# ASSIGNED TASK
Copy exactly the lines of the data below that run from the line holding "#81=ORIENTED_EDGE('',*,*,#80,.T.);" through the line holding "#89=ORIENTED_EDGE('',*,*,#88,.F.);", both ends included.

# WORKING DATA
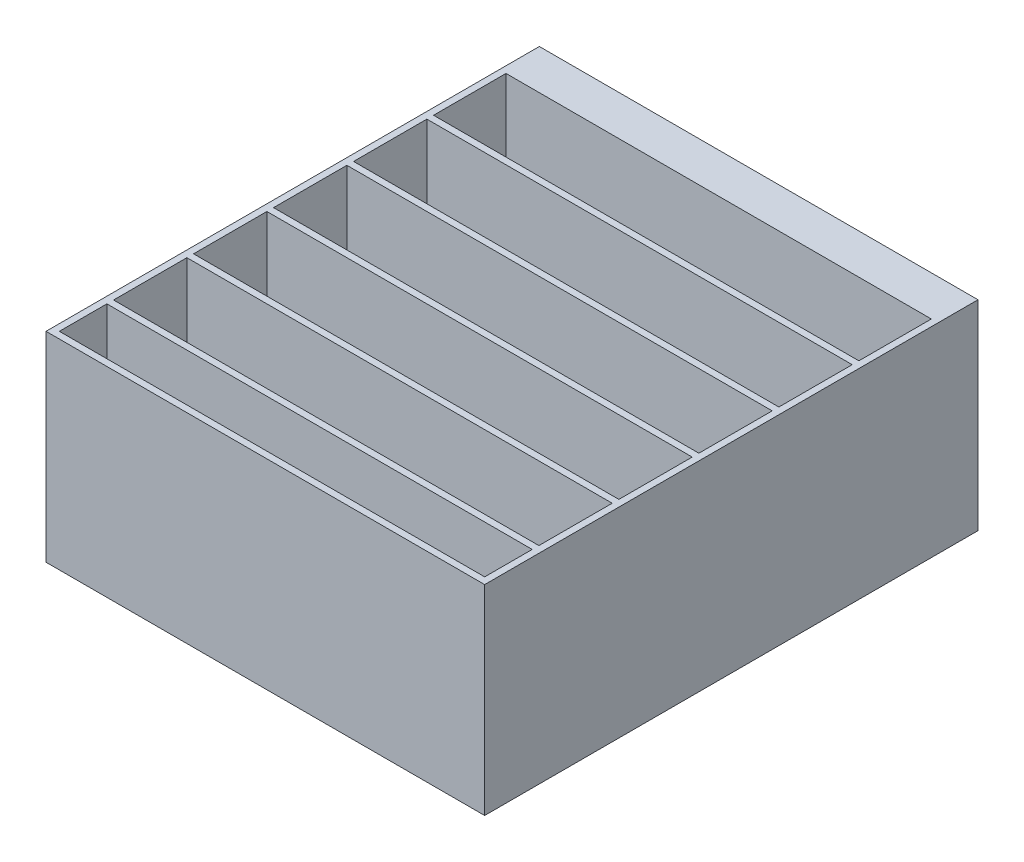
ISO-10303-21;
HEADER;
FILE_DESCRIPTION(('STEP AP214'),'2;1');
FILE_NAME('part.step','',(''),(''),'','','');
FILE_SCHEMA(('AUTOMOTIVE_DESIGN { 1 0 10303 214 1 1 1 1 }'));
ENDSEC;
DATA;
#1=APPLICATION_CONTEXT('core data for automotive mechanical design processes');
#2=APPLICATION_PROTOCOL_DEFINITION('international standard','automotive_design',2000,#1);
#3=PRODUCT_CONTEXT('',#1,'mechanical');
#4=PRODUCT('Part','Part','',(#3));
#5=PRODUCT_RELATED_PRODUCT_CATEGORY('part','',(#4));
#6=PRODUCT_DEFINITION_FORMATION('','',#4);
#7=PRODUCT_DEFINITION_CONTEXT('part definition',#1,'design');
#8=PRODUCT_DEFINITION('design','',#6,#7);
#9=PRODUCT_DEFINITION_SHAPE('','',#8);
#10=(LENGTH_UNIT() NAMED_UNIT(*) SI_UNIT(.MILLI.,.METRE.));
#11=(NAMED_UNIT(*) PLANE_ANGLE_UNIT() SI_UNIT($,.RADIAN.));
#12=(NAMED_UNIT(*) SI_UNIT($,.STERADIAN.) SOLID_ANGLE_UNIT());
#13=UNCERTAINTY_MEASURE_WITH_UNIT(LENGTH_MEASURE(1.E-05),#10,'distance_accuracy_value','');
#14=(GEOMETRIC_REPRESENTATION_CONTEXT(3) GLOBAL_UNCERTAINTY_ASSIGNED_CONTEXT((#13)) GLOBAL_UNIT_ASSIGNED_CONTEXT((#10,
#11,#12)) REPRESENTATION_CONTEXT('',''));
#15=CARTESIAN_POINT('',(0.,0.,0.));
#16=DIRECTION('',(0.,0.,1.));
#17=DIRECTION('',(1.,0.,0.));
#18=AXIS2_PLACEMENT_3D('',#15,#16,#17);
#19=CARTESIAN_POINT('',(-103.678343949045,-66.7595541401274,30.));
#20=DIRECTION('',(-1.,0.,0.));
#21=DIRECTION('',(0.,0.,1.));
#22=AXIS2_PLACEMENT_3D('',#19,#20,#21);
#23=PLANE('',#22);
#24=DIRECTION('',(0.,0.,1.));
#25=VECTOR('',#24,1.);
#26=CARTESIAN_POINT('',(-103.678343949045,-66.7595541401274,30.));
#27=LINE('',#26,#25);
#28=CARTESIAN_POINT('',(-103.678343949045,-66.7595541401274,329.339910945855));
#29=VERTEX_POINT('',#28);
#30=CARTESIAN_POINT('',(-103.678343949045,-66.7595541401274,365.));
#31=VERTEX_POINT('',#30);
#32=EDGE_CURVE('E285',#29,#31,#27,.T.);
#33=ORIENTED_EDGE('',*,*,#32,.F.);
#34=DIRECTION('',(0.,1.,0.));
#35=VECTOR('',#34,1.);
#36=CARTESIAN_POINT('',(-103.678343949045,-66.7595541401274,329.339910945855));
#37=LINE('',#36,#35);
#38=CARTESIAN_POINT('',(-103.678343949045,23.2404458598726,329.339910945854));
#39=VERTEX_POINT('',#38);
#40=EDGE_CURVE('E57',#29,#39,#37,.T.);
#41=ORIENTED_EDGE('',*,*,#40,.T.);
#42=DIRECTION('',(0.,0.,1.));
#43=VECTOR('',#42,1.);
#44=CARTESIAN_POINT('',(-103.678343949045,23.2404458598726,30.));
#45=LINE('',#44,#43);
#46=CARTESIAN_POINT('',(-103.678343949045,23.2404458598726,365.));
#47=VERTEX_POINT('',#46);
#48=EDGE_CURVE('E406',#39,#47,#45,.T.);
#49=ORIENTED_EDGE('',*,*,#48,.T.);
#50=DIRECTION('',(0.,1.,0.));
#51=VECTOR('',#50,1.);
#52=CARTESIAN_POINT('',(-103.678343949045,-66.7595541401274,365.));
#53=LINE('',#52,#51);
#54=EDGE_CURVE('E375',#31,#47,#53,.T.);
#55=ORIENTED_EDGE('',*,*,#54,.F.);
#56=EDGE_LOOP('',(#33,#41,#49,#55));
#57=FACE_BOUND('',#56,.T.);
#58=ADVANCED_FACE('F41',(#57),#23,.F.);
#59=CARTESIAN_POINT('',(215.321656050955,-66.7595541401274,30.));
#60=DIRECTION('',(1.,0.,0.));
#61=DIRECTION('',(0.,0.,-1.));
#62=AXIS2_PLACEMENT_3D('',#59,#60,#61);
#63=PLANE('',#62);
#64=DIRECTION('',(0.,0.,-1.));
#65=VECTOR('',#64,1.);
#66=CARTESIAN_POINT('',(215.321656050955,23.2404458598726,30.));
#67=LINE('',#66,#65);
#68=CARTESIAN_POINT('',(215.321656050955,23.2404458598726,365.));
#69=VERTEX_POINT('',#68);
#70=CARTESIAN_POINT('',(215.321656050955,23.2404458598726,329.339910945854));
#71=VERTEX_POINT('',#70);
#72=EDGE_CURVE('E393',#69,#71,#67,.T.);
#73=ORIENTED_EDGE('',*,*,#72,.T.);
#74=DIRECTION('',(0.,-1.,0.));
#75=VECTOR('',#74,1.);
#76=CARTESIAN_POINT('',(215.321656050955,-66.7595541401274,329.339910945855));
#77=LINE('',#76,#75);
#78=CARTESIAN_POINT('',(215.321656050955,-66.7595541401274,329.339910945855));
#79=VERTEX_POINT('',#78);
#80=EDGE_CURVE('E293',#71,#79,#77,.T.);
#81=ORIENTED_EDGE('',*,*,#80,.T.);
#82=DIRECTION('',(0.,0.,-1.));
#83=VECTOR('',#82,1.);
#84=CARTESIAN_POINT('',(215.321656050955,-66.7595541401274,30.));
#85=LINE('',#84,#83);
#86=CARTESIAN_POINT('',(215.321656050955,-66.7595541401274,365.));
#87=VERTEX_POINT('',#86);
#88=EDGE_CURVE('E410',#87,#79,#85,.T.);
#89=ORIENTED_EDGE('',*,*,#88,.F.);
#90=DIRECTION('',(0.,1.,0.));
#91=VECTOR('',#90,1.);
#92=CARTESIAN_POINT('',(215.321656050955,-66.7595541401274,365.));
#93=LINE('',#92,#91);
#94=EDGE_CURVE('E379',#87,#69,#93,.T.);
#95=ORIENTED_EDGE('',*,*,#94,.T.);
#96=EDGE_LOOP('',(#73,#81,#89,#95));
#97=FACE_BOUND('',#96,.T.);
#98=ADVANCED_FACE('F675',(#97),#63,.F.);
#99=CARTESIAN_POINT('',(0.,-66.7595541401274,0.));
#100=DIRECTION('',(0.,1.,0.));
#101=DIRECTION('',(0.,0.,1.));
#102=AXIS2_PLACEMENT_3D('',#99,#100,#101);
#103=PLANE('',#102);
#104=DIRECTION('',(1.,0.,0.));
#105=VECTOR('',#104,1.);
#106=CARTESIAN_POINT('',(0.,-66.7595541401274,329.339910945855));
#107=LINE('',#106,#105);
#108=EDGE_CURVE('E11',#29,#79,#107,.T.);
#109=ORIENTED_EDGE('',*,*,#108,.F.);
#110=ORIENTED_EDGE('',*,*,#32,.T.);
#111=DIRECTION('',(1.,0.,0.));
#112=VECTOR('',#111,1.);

# EXERCISE RESPONSE
#81=ORIENTED_EDGE('',*,*,#80,.T.);
#82=DIRECTION('',(0.,0.,-1.));
#83=VECTOR('',#82,1.);
#84=CARTESIAN_POINT('',(215.321656050955,-66.7595541401274,30.));
#85=LINE('',#84,#83);
#86=CARTESIAN_POINT('',(215.321656050955,-66.7595541401274,365.));
#87=VERTEX_POINT('',#86);
#88=EDGE_CURVE('E410',#87,#79,#85,.T.);
#89=ORIENTED_EDGE('',*,*,#88,.F.);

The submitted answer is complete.